━━ RAW DATA ━━
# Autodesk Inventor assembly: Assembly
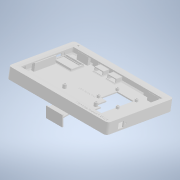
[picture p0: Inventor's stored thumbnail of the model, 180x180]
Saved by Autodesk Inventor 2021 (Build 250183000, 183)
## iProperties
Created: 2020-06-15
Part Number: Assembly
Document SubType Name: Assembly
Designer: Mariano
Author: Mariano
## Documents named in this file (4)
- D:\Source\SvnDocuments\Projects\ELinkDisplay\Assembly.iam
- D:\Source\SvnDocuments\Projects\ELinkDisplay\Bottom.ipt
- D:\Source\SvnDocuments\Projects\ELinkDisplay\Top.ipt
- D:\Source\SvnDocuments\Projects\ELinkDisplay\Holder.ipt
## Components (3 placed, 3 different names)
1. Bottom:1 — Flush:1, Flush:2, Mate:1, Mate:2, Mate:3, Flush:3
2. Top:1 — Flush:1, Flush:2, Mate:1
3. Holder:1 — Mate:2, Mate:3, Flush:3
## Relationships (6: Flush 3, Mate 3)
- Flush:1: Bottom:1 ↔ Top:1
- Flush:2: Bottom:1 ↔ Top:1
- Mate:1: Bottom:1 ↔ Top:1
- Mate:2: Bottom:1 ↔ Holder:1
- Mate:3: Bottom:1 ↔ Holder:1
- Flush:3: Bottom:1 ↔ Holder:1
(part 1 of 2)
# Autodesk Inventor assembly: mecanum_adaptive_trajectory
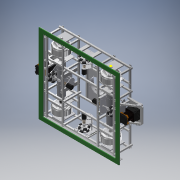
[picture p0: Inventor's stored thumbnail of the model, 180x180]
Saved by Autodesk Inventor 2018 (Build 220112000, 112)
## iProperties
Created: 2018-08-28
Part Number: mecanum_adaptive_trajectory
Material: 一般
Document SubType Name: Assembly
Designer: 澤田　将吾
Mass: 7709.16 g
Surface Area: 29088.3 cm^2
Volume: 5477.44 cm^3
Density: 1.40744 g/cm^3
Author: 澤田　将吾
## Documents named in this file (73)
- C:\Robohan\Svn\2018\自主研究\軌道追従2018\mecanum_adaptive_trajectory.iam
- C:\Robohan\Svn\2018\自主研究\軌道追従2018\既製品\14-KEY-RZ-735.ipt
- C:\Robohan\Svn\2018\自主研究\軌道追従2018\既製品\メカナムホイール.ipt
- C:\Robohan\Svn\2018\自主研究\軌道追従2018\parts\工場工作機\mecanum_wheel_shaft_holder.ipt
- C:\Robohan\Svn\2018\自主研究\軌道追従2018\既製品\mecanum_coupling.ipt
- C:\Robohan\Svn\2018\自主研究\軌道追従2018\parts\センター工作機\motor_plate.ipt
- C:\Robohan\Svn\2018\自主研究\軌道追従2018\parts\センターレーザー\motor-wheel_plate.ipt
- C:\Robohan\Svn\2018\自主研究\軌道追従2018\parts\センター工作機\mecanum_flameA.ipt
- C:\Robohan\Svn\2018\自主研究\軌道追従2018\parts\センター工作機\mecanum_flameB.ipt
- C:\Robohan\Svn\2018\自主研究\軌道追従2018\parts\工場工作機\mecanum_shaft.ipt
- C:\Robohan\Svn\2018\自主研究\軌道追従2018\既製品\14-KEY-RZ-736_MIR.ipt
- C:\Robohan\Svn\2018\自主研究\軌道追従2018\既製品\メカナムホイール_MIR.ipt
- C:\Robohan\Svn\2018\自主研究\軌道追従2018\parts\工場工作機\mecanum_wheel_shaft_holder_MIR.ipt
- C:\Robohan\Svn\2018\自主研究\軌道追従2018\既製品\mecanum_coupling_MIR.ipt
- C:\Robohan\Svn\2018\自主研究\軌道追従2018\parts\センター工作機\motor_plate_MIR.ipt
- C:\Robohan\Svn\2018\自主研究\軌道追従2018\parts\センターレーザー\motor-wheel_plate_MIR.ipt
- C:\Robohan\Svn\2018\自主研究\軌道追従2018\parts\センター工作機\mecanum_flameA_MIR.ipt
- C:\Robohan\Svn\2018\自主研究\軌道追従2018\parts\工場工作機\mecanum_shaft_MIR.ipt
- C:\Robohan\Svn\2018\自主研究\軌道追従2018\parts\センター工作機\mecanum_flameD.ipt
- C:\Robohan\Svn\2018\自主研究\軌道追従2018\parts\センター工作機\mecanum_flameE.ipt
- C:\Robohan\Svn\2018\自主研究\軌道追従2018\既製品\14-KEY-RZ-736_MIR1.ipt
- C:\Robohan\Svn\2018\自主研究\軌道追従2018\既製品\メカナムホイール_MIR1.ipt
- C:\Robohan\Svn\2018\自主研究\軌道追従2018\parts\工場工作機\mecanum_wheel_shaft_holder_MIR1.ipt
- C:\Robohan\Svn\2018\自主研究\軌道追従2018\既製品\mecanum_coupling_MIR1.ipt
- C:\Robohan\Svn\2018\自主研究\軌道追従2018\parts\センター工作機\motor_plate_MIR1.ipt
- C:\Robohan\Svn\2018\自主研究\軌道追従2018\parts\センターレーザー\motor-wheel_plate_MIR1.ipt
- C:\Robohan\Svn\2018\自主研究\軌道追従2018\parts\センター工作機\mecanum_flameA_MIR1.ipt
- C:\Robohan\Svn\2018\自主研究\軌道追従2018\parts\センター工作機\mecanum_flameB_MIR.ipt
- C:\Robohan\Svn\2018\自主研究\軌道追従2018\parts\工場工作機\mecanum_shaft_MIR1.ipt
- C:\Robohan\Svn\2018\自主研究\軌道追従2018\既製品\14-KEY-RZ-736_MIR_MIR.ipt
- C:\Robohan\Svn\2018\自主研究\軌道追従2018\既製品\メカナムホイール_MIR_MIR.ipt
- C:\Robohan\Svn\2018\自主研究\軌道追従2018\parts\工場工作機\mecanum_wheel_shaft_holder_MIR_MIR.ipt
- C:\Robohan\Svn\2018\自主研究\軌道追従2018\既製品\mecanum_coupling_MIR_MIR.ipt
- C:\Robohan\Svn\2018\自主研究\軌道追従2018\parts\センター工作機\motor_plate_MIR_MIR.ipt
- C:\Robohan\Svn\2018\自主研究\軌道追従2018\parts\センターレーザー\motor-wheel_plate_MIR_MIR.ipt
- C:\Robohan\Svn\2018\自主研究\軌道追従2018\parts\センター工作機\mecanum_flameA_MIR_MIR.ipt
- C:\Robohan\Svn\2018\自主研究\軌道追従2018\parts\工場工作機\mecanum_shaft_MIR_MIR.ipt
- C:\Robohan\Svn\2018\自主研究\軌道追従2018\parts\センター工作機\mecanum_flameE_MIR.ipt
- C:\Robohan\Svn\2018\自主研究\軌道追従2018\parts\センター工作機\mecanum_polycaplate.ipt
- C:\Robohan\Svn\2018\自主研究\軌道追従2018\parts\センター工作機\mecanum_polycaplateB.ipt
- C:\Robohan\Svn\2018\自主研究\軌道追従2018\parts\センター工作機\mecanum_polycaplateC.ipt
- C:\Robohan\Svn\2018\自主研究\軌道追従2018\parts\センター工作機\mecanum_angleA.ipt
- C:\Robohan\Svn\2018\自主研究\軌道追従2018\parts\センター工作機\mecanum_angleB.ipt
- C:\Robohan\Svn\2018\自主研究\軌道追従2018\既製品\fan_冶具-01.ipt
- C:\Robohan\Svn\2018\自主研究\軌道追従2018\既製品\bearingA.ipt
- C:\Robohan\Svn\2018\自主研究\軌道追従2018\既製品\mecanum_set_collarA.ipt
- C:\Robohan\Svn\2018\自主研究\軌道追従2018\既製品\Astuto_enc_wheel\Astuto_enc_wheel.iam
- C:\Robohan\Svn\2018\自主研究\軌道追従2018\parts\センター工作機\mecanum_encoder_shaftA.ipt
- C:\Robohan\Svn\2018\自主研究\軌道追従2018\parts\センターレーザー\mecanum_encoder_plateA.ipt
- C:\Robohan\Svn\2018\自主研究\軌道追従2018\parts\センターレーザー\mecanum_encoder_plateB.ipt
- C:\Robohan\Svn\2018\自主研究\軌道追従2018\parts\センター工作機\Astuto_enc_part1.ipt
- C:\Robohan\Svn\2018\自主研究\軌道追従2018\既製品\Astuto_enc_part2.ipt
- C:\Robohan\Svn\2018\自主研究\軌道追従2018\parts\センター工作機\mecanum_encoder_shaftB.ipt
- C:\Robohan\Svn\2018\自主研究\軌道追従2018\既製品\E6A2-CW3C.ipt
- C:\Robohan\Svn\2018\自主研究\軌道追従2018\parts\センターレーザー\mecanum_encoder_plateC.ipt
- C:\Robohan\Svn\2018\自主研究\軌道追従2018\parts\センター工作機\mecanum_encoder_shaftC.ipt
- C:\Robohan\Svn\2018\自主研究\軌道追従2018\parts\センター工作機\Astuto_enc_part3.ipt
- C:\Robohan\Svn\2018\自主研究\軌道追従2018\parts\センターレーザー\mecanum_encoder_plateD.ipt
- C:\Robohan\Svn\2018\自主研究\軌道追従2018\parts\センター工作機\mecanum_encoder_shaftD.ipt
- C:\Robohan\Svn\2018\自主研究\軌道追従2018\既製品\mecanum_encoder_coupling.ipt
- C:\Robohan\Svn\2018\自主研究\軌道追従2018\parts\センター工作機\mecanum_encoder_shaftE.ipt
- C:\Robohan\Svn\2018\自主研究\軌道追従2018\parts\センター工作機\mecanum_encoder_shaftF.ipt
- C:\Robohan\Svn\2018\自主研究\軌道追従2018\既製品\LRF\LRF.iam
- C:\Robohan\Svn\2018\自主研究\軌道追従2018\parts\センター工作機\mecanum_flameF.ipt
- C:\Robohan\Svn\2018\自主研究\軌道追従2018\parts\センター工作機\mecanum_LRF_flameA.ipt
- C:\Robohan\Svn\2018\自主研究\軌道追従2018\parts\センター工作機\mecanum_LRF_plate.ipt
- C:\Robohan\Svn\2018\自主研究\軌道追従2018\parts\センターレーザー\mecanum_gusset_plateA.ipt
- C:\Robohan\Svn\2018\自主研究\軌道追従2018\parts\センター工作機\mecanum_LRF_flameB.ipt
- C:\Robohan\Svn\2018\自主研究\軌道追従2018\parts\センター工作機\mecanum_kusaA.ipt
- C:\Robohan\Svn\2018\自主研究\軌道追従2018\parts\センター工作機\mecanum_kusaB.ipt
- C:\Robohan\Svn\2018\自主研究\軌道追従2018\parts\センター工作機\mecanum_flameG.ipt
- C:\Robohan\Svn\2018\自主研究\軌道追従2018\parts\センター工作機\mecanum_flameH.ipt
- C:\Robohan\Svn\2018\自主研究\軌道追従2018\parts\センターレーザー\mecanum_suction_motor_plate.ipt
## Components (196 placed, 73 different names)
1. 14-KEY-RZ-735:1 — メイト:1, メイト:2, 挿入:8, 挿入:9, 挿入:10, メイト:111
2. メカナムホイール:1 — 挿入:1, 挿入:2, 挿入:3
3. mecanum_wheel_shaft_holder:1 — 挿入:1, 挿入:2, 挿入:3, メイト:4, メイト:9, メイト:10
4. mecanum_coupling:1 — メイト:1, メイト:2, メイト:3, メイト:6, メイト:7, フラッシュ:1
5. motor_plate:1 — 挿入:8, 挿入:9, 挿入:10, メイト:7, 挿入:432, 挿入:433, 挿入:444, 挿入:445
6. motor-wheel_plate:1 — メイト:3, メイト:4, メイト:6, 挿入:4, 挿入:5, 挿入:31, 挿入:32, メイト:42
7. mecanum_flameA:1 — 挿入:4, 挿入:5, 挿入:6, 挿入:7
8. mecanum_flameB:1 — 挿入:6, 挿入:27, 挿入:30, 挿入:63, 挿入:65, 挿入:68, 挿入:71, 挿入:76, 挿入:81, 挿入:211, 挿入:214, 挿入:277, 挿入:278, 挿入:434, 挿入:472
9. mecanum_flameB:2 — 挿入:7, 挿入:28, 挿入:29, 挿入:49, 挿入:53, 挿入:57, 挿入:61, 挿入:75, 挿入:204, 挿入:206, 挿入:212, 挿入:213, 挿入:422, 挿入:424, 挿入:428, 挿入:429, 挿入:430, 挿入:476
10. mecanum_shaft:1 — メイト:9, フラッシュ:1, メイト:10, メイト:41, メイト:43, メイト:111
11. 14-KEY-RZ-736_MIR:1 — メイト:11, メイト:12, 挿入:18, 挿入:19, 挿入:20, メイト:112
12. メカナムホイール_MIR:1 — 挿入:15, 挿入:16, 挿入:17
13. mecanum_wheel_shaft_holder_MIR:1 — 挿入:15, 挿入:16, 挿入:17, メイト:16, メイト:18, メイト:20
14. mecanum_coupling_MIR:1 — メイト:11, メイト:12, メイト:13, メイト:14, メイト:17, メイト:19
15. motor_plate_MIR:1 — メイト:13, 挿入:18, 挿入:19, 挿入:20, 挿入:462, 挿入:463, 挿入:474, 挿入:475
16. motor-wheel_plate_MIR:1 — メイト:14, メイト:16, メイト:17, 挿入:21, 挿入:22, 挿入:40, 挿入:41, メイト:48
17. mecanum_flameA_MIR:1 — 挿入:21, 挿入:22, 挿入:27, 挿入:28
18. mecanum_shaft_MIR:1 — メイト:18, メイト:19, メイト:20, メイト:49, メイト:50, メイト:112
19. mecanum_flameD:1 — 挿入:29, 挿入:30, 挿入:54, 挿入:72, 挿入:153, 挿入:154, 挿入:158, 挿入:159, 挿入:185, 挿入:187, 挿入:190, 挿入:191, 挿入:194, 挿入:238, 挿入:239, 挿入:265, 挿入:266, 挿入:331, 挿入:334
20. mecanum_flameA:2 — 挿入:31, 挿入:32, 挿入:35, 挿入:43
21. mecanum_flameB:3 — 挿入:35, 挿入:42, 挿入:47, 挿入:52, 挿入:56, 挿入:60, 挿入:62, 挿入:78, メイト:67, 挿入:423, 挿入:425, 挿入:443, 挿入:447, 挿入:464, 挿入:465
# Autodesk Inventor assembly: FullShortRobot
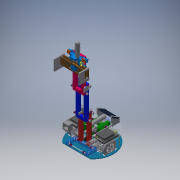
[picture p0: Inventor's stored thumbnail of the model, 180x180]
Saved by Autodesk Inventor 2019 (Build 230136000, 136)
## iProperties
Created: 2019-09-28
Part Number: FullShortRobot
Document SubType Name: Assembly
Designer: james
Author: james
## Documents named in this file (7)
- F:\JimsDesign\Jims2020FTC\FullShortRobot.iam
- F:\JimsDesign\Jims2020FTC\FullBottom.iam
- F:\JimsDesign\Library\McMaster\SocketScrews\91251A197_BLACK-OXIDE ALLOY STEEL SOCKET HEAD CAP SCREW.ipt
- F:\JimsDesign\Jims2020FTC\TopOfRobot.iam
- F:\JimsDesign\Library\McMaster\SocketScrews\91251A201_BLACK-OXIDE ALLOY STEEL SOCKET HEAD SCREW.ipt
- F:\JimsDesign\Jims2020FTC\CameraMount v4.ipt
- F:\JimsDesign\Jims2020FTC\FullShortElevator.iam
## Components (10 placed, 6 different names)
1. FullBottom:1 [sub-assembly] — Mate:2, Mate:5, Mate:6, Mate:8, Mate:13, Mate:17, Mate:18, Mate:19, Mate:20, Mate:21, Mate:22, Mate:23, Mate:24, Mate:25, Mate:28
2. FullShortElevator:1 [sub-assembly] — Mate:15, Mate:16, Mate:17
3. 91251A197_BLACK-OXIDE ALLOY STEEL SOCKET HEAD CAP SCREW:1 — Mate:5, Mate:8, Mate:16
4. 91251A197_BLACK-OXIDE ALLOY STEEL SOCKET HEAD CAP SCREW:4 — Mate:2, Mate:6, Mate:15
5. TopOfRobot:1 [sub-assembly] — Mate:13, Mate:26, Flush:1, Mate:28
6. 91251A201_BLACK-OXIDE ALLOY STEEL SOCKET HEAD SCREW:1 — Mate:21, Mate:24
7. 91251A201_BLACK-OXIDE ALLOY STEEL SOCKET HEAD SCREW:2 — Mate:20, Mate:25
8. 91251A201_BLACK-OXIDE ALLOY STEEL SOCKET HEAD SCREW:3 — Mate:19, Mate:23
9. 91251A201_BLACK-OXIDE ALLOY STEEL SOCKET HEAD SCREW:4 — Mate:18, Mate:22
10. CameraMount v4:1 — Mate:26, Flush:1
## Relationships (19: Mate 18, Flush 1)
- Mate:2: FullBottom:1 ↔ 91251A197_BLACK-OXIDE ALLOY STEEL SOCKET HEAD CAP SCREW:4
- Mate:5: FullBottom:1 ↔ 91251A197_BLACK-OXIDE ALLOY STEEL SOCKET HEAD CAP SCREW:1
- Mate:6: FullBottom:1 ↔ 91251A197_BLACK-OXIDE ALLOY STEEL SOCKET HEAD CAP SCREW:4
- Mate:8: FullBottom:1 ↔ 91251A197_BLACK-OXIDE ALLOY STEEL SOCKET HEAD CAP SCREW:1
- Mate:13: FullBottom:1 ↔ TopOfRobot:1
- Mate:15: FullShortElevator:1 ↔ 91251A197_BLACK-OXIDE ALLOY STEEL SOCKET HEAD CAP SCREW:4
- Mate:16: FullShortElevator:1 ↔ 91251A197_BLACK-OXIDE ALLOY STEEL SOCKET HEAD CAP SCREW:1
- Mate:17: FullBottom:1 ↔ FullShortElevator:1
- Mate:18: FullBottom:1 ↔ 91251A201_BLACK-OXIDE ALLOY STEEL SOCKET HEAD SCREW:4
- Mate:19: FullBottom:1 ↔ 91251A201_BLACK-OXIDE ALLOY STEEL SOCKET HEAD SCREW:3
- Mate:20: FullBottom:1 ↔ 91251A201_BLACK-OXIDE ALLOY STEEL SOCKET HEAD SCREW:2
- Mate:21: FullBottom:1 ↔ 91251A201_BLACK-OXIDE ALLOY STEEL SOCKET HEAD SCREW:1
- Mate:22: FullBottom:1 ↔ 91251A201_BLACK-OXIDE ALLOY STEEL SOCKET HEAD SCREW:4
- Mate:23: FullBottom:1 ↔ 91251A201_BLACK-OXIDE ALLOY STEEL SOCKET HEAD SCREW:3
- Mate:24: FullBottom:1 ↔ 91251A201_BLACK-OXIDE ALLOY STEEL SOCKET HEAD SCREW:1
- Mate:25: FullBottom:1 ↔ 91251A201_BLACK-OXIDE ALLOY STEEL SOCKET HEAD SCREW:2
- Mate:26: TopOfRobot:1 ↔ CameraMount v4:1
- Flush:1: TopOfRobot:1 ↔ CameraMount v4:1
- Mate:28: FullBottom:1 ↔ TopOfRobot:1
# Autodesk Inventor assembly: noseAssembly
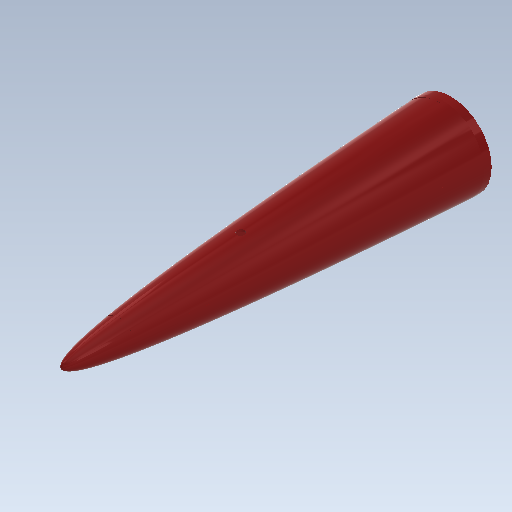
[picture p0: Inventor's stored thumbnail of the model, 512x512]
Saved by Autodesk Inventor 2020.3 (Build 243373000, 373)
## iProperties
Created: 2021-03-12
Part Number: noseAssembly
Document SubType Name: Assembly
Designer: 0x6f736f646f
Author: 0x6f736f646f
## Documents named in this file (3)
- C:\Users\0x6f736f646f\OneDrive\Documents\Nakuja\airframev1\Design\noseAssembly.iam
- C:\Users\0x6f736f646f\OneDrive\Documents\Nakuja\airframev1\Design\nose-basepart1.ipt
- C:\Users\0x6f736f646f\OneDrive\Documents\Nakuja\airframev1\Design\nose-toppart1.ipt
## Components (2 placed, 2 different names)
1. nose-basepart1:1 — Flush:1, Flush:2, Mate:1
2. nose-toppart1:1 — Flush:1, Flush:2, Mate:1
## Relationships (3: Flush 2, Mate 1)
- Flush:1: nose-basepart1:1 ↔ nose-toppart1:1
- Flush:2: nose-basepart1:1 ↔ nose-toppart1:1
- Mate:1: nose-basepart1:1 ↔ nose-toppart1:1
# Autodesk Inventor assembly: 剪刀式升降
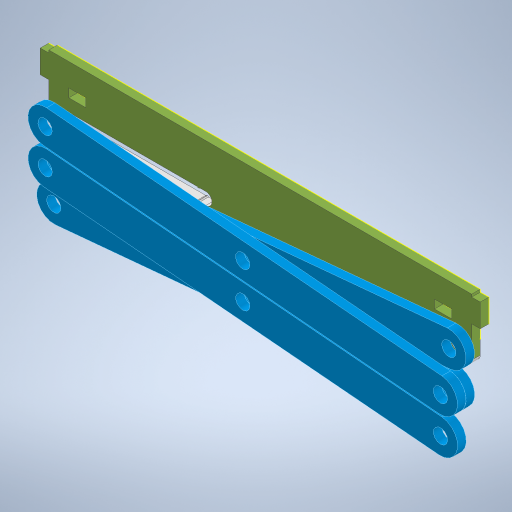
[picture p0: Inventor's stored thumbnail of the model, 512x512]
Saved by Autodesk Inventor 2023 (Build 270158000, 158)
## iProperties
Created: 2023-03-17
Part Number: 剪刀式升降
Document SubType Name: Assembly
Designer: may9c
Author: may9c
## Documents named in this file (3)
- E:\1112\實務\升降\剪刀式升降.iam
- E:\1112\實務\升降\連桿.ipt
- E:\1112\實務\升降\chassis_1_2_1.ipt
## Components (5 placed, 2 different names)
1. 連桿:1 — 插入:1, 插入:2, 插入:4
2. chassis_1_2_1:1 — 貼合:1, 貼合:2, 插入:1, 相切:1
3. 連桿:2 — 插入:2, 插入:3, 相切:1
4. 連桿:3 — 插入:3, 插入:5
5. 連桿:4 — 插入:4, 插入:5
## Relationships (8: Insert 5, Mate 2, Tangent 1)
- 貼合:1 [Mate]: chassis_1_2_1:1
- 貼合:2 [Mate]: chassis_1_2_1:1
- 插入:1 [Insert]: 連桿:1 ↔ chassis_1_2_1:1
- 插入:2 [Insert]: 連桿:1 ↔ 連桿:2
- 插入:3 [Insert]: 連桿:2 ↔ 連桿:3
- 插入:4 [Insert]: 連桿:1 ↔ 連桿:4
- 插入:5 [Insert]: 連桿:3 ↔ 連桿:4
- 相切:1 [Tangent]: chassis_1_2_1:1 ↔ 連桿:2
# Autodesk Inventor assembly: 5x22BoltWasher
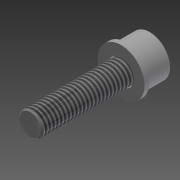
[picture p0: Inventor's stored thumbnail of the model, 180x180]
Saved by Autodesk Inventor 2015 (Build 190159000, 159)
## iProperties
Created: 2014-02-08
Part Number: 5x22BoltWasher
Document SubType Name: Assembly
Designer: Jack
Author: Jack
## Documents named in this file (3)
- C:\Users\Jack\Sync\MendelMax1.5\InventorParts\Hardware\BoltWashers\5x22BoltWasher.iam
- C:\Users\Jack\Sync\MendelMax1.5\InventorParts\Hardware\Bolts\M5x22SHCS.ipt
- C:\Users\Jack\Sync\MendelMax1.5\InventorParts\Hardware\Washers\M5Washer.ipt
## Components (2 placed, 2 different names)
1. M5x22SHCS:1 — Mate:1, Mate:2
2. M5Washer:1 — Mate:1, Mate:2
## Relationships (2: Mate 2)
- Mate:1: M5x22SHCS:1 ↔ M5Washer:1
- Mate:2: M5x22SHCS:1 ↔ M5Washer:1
━━━
■ YOUR GOAL ■
Copy only this part of the entries above: the line with "## Relationships (8: Insert", the line with "- 插入:5 [Insert]: 連桿:3 ↔ 連桿:4", and the lines between, all exactly as written.

■ SOLUTION ■
## Relationships (8: Insert 5, Mate 2, Tangent 1)
- 貼合:1 [Mate]: chassis_1_2_1:1
- 貼合:2 [Mate]: chassis_1_2_1:1
- 插入:1 [Insert]: 連桿:1 ↔ chassis_1_2_1:1
- 插入:2 [Insert]: 連桿:1 ↔ 連桿:2
- 插入:3 [Insert]: 連桿:2 ↔ 連桿:3
- 插入:4 [Insert]: 連桿:1 ↔ 連桿:4
- 插入:5 [Insert]: 連桿:3 ↔ 連桿:4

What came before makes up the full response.